By fostering a relational dialogue with these parts, we create space for understanding. We begin to see rest not as failure or laziness, but as a vital act of self-care and healing.

 

An IFS Approach: Embracing Our Internal System


Internal Family Systems (IFS) offers a powerful framework for understanding the diverse parts within us. It posits that our psyche is composed of subpersonalities - protective parts, exiles holding pain or vulnerability, and the Self, our core compassionate presence.

When it comes to guilt about resting, an "inner critic" or "busy-body" part may be pushing us to keep active, while an "exiled" part might be carrying feelings of shame or unworthiness that surface when we slow down.

 

How can we practice giving permission to rest?


1. Identify and Connect with the Supporting Self:

Recognize your core Self - your compassionate, calm awareness. From this space, you can observe your parts with curiosity and calmness.


2. Notice the Protective Parts:

Notice any parts that advocate for constant activity or judge you for resting. Gently thank them for their care and ask what they fear might happen if you rest.

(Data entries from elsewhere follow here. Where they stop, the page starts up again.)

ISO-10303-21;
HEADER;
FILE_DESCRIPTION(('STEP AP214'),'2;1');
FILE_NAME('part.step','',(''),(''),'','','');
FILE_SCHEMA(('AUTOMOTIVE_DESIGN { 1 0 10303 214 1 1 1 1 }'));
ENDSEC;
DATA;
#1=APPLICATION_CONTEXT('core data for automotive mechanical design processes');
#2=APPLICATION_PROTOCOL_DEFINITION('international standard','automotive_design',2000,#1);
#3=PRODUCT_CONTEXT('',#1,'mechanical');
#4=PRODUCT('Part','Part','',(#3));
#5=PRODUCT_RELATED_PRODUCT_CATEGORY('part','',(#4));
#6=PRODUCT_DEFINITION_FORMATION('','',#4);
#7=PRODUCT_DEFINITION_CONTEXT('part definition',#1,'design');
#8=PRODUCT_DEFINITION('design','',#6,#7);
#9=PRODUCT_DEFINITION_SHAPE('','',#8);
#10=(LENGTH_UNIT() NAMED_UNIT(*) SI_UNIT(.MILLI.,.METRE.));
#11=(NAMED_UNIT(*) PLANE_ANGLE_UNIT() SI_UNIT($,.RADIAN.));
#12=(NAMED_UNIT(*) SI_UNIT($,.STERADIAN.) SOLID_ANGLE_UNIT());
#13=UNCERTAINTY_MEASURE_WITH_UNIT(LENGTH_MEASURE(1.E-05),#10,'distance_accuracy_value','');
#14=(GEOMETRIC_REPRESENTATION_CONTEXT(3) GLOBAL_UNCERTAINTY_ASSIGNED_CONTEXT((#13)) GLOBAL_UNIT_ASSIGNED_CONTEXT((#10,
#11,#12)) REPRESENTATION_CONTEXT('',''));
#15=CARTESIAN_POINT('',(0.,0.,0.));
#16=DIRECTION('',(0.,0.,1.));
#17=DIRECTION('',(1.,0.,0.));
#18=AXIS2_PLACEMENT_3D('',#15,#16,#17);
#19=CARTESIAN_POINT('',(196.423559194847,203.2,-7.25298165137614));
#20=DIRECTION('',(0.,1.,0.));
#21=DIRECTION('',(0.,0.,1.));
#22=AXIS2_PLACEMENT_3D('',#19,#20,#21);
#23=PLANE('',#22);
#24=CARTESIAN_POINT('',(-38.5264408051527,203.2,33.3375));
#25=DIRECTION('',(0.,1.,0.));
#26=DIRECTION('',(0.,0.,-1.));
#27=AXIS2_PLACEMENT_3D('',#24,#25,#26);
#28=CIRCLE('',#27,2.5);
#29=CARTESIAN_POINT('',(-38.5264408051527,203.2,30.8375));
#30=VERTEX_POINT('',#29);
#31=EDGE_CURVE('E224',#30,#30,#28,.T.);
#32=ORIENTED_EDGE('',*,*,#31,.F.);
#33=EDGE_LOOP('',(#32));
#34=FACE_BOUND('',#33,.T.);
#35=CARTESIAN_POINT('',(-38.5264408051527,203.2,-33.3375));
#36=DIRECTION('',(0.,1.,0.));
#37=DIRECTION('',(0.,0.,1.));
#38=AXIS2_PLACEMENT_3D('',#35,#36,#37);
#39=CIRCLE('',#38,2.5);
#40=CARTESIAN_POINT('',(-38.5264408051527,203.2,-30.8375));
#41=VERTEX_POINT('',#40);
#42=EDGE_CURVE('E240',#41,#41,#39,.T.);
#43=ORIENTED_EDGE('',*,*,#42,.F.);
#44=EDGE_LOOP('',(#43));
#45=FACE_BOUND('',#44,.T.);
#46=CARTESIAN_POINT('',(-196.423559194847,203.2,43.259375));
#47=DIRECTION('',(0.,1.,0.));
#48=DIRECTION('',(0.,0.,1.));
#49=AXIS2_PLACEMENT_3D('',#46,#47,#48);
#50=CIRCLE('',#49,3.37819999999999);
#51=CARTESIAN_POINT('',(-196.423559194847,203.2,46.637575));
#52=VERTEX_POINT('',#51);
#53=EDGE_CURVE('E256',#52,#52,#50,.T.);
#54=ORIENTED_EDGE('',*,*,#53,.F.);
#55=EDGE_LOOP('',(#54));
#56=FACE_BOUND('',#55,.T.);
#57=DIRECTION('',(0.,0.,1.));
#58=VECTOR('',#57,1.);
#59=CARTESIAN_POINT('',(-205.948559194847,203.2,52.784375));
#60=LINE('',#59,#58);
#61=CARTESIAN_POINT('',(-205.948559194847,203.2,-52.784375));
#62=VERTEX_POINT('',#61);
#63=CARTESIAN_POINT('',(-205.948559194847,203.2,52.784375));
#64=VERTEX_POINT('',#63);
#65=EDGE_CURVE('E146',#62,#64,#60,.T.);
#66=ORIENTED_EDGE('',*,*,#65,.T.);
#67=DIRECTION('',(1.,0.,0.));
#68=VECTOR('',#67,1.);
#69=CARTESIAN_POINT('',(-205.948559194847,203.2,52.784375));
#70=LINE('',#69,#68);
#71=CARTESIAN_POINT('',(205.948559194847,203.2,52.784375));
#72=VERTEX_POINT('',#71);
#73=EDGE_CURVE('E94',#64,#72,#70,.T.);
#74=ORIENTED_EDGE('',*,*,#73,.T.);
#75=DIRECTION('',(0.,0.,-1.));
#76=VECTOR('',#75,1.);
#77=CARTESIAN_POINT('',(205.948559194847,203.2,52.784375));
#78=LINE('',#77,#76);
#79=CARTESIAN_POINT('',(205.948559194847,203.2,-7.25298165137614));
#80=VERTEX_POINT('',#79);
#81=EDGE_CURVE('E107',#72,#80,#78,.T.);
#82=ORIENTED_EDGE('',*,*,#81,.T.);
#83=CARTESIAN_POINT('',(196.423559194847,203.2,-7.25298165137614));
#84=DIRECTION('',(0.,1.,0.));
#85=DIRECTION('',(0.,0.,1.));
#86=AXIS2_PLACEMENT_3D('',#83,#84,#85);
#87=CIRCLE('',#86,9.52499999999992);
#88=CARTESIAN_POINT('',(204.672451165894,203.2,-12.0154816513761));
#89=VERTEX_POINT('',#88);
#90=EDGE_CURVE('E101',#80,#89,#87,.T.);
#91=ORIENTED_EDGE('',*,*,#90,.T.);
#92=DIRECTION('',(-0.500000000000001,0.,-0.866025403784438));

3. Offer Compassion to Your Exiled Parts:

Exiled parts often carry feelings of unworthiness or fear of being "lazy." Show kindness to these parts, reassuring them that rest is a necessary and healthy part of life.


4. Reframe Rest as a Strength:

Embrace the idea that resting is an act of self-respect and strength - not weakness. Your Self can help parts see that replenishing your energy allows you to show up more fully in your relationships and responsibilities.

 

Bringing It All Together


Resting without guilt is not about neglecting responsibilities; it's about honoring your intrinsic need for balance and self-compassion. Through the relational lens, we see our parts as inner allies - parts that, when acknowledged and understood, can support us in cultivating a more compassionate relationship with ourselves.


By integrating insights from Relational Psychotherapy and IFS, we can nurture a profound inner dialogue - one that encourages us to give permission to pause, breathe, and simply be, free from guilt or shame. When we treat ourselves with kindness and understanding, we not only heal internal divides but also foster a more authentic, nourishing connection to life.